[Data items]
[Start of Attachment]

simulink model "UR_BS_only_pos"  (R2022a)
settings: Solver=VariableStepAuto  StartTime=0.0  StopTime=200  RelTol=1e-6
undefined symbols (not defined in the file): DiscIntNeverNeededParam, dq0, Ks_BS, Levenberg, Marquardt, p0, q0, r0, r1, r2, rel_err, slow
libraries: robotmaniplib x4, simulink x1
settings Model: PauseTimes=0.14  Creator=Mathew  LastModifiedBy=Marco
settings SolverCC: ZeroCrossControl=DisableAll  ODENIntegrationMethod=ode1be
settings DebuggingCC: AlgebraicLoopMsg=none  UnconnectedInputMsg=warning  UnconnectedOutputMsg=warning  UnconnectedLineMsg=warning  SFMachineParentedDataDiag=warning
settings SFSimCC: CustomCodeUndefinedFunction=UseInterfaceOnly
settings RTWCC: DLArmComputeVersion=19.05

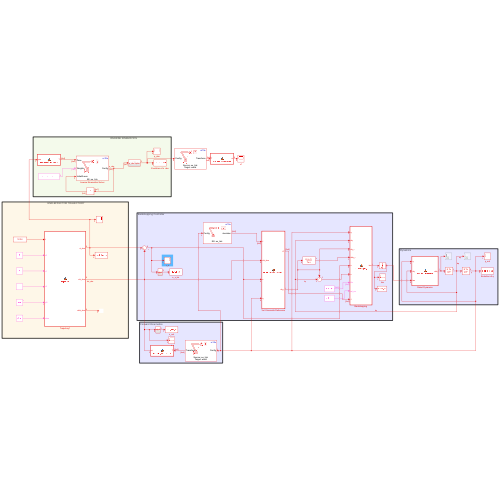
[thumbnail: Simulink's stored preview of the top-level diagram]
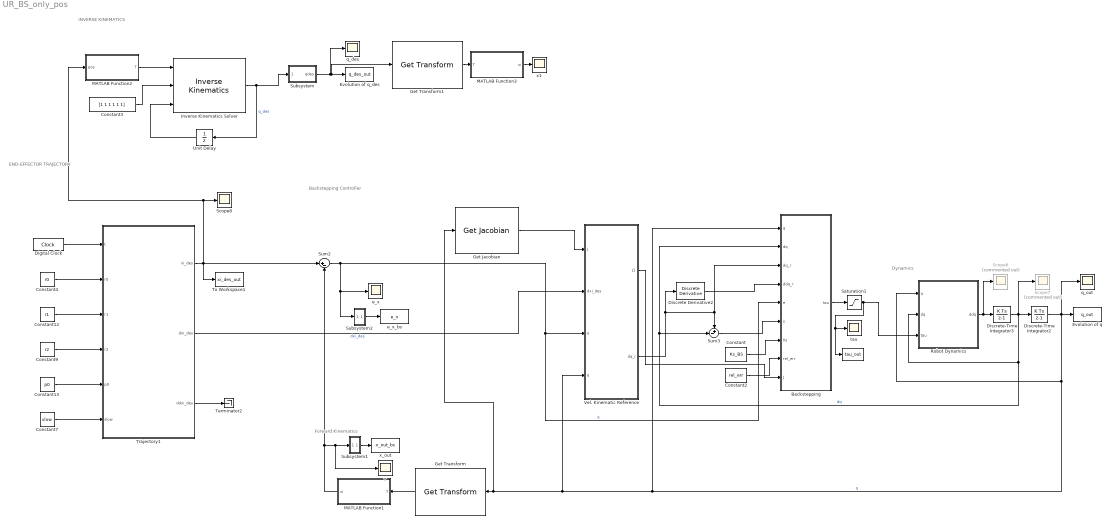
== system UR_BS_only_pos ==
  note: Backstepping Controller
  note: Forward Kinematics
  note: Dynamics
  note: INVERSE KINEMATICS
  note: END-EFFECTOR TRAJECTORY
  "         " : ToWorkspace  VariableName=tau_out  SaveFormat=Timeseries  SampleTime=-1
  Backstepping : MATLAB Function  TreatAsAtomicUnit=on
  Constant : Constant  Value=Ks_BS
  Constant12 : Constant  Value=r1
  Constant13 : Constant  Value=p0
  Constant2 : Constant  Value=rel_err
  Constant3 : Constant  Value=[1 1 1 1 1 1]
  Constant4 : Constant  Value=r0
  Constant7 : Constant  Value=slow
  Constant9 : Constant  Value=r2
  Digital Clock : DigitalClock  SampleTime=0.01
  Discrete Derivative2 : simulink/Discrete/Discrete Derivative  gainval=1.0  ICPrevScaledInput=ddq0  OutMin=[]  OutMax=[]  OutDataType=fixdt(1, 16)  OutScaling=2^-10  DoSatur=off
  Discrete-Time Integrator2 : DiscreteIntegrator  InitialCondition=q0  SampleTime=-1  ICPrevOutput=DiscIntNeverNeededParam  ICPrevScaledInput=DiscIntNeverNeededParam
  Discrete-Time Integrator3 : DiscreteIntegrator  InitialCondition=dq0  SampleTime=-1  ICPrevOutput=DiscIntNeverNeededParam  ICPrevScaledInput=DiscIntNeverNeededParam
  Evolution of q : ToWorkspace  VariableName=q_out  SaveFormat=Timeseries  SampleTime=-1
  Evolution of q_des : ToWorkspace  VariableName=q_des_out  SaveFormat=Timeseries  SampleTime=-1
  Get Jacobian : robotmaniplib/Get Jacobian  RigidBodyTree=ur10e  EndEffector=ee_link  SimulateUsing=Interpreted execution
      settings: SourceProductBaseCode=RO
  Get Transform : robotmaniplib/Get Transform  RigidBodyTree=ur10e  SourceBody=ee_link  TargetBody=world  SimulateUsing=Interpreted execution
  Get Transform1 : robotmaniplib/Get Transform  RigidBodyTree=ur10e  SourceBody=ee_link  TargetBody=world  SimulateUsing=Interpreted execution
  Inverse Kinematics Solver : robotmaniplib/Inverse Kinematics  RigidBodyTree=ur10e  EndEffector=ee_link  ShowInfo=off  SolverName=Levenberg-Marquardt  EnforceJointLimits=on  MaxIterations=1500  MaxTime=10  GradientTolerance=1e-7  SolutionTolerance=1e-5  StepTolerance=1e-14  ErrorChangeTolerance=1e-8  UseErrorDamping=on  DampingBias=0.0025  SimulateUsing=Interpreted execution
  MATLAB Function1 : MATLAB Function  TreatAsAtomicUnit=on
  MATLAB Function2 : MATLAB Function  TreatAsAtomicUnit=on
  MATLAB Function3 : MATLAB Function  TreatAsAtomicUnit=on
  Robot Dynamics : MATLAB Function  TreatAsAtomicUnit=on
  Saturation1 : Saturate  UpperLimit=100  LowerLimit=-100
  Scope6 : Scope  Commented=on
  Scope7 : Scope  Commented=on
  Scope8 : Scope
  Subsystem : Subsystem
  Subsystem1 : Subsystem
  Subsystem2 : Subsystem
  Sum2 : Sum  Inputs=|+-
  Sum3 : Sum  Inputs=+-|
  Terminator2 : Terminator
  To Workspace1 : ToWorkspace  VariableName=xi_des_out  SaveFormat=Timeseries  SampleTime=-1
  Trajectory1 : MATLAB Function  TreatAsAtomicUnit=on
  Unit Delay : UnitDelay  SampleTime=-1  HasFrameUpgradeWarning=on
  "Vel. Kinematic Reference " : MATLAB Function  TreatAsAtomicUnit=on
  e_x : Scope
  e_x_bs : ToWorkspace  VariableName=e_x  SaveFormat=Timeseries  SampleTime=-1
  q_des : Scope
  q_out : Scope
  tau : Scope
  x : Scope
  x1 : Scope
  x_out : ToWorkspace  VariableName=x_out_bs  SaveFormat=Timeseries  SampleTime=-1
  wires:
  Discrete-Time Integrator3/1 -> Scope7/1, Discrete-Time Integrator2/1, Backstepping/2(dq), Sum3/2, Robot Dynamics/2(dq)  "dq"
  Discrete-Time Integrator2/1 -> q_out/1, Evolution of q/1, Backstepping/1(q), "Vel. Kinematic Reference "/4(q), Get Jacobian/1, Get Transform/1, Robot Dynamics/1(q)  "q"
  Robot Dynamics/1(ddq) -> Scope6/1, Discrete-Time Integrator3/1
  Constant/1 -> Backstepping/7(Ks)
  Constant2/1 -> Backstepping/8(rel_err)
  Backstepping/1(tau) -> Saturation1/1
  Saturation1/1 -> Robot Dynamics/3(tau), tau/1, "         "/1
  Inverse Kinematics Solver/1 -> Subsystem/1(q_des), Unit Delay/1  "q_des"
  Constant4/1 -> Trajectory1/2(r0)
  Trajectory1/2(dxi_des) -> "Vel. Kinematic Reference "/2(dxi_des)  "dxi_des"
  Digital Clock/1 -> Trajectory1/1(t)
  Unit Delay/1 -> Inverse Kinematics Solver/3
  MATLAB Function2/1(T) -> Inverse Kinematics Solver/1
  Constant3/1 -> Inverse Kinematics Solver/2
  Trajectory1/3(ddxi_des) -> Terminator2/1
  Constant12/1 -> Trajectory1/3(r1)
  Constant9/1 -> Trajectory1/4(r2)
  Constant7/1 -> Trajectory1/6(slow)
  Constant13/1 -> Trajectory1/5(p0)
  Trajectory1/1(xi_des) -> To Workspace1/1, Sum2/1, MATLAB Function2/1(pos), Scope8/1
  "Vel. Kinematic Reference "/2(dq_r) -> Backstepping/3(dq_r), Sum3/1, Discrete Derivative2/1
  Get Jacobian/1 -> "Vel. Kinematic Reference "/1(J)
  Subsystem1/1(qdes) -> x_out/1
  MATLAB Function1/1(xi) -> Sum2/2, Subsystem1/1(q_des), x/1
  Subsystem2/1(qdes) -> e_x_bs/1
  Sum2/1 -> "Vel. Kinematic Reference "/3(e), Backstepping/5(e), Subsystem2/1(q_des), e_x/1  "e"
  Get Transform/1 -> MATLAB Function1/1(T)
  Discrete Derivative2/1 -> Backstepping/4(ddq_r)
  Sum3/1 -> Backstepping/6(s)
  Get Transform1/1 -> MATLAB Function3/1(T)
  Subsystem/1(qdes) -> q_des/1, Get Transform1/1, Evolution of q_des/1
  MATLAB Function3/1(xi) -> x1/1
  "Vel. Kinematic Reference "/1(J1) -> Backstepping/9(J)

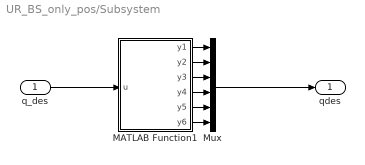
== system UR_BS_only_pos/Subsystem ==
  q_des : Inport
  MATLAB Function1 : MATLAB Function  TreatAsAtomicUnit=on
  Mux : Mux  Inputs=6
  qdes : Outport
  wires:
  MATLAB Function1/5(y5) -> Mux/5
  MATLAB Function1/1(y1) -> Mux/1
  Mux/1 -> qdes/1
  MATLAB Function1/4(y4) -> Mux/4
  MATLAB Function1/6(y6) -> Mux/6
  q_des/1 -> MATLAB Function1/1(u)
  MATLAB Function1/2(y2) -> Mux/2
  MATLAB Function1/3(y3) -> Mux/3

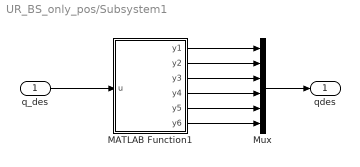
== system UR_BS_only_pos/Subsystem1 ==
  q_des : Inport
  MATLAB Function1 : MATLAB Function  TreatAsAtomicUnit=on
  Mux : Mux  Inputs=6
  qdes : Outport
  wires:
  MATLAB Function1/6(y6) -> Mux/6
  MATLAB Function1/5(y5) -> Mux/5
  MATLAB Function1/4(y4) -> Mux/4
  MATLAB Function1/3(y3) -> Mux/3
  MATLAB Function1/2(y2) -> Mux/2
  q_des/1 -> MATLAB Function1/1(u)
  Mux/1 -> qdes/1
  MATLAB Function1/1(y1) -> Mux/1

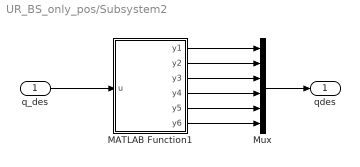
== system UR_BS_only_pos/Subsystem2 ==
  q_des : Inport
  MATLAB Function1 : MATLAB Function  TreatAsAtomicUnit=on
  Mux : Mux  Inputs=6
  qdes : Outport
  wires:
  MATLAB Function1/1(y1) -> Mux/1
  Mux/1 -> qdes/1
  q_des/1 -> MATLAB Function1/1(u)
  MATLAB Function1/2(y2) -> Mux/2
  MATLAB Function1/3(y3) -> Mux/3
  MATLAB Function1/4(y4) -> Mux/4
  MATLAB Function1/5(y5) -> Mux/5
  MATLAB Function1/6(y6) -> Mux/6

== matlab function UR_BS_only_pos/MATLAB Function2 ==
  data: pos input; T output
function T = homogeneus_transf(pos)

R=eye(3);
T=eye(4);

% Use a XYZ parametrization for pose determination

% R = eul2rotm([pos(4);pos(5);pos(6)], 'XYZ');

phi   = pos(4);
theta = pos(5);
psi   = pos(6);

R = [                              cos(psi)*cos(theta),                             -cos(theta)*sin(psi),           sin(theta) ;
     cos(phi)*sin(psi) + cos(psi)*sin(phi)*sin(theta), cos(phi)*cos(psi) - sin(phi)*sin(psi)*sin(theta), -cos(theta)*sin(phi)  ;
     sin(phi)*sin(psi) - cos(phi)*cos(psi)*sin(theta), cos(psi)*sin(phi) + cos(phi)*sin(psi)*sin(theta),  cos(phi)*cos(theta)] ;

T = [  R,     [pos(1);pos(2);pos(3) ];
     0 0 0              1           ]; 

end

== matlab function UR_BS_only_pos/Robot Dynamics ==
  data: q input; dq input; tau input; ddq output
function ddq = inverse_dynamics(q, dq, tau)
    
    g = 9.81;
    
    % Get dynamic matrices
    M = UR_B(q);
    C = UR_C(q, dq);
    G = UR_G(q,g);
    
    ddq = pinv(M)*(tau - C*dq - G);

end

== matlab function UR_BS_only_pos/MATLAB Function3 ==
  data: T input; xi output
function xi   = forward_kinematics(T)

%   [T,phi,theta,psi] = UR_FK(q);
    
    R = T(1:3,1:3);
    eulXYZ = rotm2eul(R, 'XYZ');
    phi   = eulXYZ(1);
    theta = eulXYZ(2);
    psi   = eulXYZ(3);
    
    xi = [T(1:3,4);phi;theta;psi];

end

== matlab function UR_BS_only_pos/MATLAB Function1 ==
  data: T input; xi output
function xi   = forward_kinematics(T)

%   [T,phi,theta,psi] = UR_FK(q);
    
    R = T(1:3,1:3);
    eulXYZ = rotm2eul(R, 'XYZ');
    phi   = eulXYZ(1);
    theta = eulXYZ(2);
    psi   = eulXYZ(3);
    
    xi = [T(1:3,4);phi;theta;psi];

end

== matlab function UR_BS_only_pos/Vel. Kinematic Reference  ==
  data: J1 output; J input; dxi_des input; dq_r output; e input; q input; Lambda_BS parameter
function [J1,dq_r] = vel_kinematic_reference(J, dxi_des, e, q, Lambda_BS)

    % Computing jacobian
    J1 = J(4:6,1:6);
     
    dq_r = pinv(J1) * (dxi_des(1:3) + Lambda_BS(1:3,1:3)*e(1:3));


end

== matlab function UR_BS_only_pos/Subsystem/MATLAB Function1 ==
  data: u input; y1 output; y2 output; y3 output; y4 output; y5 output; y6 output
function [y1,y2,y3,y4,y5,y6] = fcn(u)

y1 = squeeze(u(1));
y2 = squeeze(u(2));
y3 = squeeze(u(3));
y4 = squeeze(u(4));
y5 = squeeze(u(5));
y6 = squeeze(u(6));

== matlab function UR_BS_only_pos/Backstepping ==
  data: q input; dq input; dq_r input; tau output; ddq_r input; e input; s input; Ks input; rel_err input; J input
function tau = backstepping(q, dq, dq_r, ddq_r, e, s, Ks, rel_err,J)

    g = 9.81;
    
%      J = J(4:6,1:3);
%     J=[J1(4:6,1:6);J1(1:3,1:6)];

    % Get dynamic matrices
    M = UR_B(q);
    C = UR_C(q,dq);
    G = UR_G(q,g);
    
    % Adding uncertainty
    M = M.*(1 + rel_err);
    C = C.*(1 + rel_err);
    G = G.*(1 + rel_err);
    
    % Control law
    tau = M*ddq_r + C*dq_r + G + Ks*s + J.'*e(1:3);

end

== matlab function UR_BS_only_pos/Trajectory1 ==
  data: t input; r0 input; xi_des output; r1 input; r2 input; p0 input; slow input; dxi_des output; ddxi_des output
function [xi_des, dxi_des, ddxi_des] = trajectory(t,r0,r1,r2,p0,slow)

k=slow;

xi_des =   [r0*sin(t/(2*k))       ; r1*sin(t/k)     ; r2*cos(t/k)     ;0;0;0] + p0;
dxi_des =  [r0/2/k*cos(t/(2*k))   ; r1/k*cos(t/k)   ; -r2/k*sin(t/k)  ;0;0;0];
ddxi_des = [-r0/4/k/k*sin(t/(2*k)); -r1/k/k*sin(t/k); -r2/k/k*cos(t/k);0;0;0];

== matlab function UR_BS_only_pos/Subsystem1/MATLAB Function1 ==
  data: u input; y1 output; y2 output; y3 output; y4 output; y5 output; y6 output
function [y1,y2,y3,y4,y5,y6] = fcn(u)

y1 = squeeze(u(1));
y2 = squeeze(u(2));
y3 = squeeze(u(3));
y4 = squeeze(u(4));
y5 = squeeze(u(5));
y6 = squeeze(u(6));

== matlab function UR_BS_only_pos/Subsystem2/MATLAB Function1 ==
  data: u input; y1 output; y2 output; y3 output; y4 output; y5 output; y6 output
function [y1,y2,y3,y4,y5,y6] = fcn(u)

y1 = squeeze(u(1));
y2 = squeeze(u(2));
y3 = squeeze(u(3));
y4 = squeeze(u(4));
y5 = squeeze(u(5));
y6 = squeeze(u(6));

[End of Attachment]

• [Exercise]:
Please set down exactly the lines from the first line of the data above through the line with "Discrete Derivative2 : simulink/Discrete/Discrete", both included, leaving out the pictures.

• [Task answer]:
simulink model "UR_BS_only_pos"  (R2022a)
settings: Solver=VariableStepAuto  StartTime=0.0  StopTime=200  RelTol=1e-6
undefined symbols (not defined in the file): DiscIntNeverNeededParam, dq0, Ks_BS, Levenberg, Marquardt, p0, q0, r0, r1, r2, rel_err, slow
libraries: robotmaniplib x4, simulink x1
settings Model: PauseTimes=0.14  Creator=Mathew  LastModifiedBy=Marco
settings SolverCC: ZeroCrossControl=DisableAll  ODENIntegrationMethod=ode1be
settings DebuggingCC: AlgebraicLoopMsg=none  UnconnectedInputMsg=warning  UnconnectedOutputMsg=warning  UnconnectedLineMsg=warning  SFMachineParentedDataDiag=warning
settings SFSimCC: CustomCodeUndefinedFunction=UseInterfaceOnly
settings RTWCC: DLArmComputeVersion=19.05

[thumbnail: Simulink's stored preview of the top-level diagram]
== system UR_BS_only_pos ==
  note: Backstepping Controller
  note: Forward Kinematics
  note: Dynamics
  note: INVERSE KINEMATICS
  note: END-EFFECTOR TRAJECTORY
  "         " : ToWorkspace  VariableName=tau_out  SaveFormat=Timeseries  SampleTime=-1
  Backstepping : MATLAB Function  TreatAsAtomicUnit=on
  Constant : Constant  Value=Ks_BS
  Constant12 : Constant  Value=r1
  Constant13 : Constant  Value=p0
  Constant2 : Constant  Value=rel_err
  Constant3 : Constant  Value=[1 1 1 1 1 1]
  Constant4 : Constant  Value=r0
  Constant7 : Constant  Value=slow
  Constant9 : Constant  Value=r2
  Digital Clock : DigitalClock  SampleTime=0.01
  Discrete Derivative2 : simulink/Discrete/Discrete Derivative  gainval=1.0  ICPrevScaledInput=ddq0  OutMin=[]  OutMax=[]  OutDataType=fixdt(1, 16)  OutScaling=2^-10  DoSatur=off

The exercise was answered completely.